The prominent Romanian theologian Dumitru Staniloae identified three Orthodox theologians after 1054 who effectively advanced and clarified the Filioque debate. They were Gregory of Cyprus (Patriarch of Constantinople 1283-1289); St. Gregory Palamas (died 1359); and Joseph Bryennios, who lived in the 15th century.[12] The arguments raised by Photius - the Filioque is an illegitimate interpolation, it destroys the monarchy of the Father and relativizes the reality of personal, or hypostatic existence in the Trinity - remained at the center of the discussion. The latter two points - the monarchy of the Father, and the primary reality of personal or hypostatic existence in the Trinity - were the great contribution of the Cappadocians. The Orthodox tradition never deviated from these.

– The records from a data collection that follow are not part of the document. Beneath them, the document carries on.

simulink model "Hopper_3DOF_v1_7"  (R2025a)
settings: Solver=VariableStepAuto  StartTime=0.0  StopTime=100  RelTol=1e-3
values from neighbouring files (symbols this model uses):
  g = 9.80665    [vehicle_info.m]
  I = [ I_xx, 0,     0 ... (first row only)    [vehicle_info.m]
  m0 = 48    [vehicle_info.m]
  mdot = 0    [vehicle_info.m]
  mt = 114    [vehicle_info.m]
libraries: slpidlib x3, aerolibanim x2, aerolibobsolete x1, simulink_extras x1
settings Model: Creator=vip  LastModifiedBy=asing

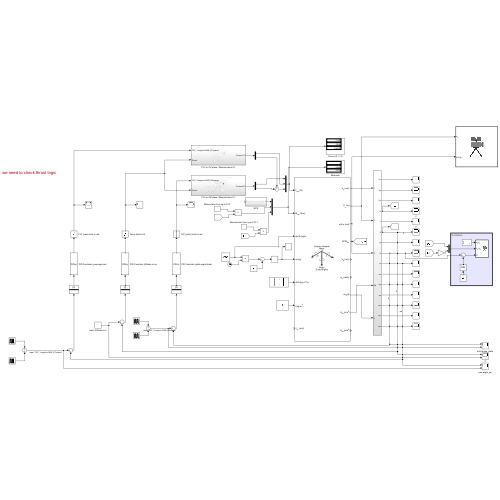
[thumbnail: Simulink's stored preview of the top-level diagram]
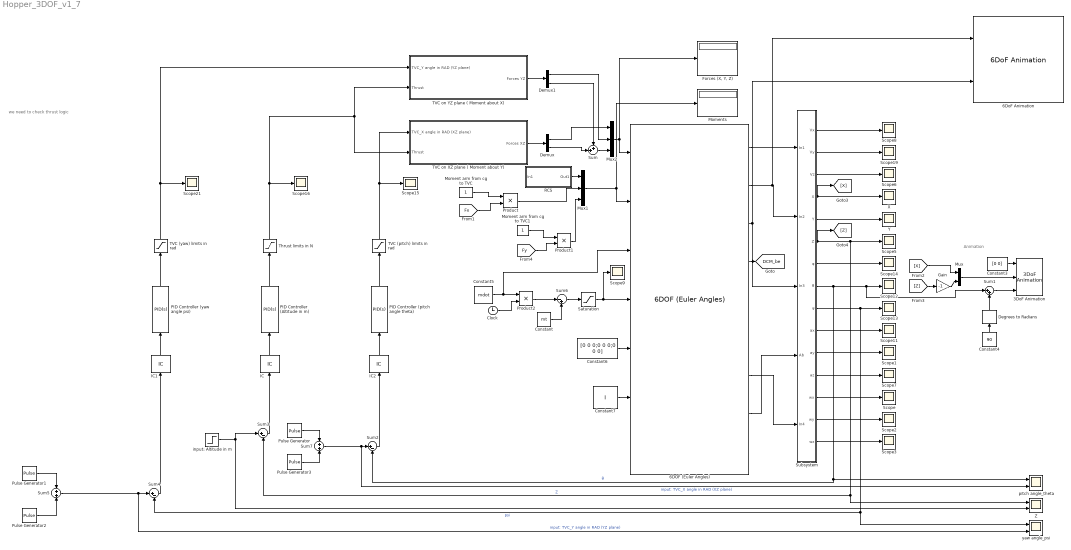
== system Hopper_3DOF_v1_7 ==
  note: we need to check thrust logic
  note: Animation
  3DoF Animation : aerolibanim/3DoF Animation  u1=[-5 5 -10 10 -250 0]  u2=0.05  u3=0.1  u5=Fly alongside  u6=[10 10 0]  u7=70  u8=off
  6DOF (Euler Angles) : aerolibobsolete/6DOF (Euler Angles)  units=Metric (MKS)  mtype=Custom Variable  rep=Euler Angles  xme_0=[0 0 0]  Vm_0=[0 0 0]  eul_0=[0 0 0]  pm_0=[0 0 0]  mass_0=4  mass_e=0.5  mass_f=2.0  inertia=[43 0 0 ; 0 43 0; 0 0 43]  inertia_e=eye(3)  inertia_f=2*eye(3)  k_quat=1.0  vre_flag=on  abi_flag=on  aMode=0  xme_statename=''  Vm_statename=''  eul_statename=''  quat_statename=''  pm_statename=''  mass_statename=''
  6DoF Animation : aerolibanim/6DoF Animation  u1=[-5 5 -10 10 -250 0]  u2=0.05  u3=5  u4=[4 0 -5]  u5=Fly alongside  u6=[10 10 0]  u7=70  u8=on
  Clock : Clock
  Constant : Constant  Value=mt
  Constant3 : Constant  Value=[0 0]
  Constant4 : Constant  Value=90
  Constant5 : Constant  Value=mdot
  Constant6 : Constant  Value=[0 0 0;0 0 0;0 0 0]
  Constant7 : Constant  Value=I
  Degrees to Radians : simulink_extras/Transformations/Degrees to Radians
  Demux : Demux  Outputs=2
  Demux1 : Demux  Outputs=2
  "Forces (X, Y, Z)" : Display
  Gain : Gain  Gain=-1
  IC : InitialCondition  Value=0
  IC1 : InitialCondition  Value=0
  IC2 : InitialCondition  Value=0
  Moment arm from cg to TVC : Constant
  Moment arm from cg to TVC1 : Constant
  Moments : Display
  Mux : Mux  Inputs=2
  Mux1 : Mux  Inputs=3
  Mux2 : Mux  Inputs=3
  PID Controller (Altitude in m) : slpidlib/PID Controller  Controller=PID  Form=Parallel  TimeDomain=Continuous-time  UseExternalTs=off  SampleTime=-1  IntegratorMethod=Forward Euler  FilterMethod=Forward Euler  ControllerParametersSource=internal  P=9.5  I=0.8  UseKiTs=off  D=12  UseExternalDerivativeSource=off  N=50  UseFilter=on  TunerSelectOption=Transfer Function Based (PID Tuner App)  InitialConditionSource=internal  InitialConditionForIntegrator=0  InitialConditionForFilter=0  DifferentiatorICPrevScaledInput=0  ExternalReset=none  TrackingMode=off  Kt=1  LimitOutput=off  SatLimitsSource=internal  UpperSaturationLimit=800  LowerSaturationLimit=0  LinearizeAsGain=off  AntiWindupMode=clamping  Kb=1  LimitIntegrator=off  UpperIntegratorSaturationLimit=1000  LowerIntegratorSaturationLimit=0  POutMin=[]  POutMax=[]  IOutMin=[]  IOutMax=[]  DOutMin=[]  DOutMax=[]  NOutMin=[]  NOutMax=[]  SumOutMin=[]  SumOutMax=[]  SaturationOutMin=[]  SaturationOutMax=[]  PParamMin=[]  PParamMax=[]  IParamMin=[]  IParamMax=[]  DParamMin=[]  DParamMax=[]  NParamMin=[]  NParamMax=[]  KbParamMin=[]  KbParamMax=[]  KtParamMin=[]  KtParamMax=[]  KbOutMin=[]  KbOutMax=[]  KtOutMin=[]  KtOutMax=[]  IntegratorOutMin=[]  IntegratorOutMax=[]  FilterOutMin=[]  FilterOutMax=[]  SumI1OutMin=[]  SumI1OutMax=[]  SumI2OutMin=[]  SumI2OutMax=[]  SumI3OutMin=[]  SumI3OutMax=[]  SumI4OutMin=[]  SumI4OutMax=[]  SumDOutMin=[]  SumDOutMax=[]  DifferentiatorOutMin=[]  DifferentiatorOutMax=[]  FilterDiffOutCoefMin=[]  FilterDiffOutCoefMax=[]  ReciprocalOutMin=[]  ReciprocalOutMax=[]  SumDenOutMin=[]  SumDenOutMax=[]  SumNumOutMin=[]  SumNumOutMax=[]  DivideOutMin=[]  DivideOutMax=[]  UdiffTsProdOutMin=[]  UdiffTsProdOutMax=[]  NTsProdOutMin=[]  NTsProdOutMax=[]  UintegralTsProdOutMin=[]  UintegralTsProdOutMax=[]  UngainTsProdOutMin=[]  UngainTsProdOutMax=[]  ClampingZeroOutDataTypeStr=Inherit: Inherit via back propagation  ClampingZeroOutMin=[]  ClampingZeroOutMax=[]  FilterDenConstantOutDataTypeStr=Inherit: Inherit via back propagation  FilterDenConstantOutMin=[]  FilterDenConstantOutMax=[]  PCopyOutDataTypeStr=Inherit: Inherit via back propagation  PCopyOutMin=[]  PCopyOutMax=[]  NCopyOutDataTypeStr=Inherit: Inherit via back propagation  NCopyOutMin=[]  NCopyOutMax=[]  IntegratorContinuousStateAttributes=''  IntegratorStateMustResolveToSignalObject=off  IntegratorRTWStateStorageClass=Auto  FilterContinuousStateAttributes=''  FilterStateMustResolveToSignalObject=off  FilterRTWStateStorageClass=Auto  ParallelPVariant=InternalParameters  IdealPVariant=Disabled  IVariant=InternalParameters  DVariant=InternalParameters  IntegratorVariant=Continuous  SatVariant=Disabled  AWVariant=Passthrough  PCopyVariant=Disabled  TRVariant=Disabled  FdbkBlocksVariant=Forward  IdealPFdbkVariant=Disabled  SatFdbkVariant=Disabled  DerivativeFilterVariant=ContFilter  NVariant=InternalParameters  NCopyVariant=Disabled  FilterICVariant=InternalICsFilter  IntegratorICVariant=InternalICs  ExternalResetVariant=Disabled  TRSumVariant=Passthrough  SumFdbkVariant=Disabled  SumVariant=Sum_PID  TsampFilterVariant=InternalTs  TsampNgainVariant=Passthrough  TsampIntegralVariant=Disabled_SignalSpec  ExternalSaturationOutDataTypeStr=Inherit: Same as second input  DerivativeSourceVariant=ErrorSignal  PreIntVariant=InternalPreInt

The basis of Orthodox trinitarian theology, formulated by the Cappadocian Fathers, was at once soteriological, Biblical and experiential. The Cappadocians were preoccupied, not with speculation, but with salvation and deification. They start from the distinct Persons of the Trinity and move to the common Essence. Thus the Trinity for Greek theology was and remains a concrete experience; the One Essence was an article of faith, because of their insistence on the absolute unknowability of the Divine essence. This concrete personalism of the Greek Fathers manifested in their insistence on the monarchy of the Father: that is, the person or hypostasis of the Father is the origin of the hypostases of the Son and Spirit. The Father is the cause (aitia) and the principle (arche) of the Divine Nature, which is in the Son and Spirit. The papalists, Augustininans all, began with speculation on the unity of the Divine Being as the starting point, and the Three Persons as modes of the one nature. For them the monarchy of the Father smacked of subordinationism, but the modalism of their subordination of the persons as modes of the nature went unnoticed, and rendered post-Augustinian trinitarian theology little more than religious philosophy or abstract speculation.
As a help to understand the intricacies of the trinitarian debate which lay at the back of the Filioque controversy, I refer you to the three theological axioms that John Romanides says are essential keys to understanding the insights of Orthodox trinitarian theology. Let me begin with a quote from St. Gregory of Sinai, which in a way summarizes the three keys. It is as follows:
Orthodoxy may be defined as the clear perception and grasp of the two dogmas of the faith, namely, the Trinity and the Duality. It is to know and contemplate the three Persons of the Trinity as distinctively and indivisibly constituting the one God, and the divine and human natures of Christ as united in His single Person...Three unaltering and changeless properties typify the Holy Trinity: unbegottenness, begottenness and procession. The Father is unbegotten and unoriginate; the Son is begotten and also unoriginate; the Holy Spirit proceeds from the Father through the Son, as St. John of Damascus says, and is equally coeternal. (On Commandments and Doctrines, 26-27)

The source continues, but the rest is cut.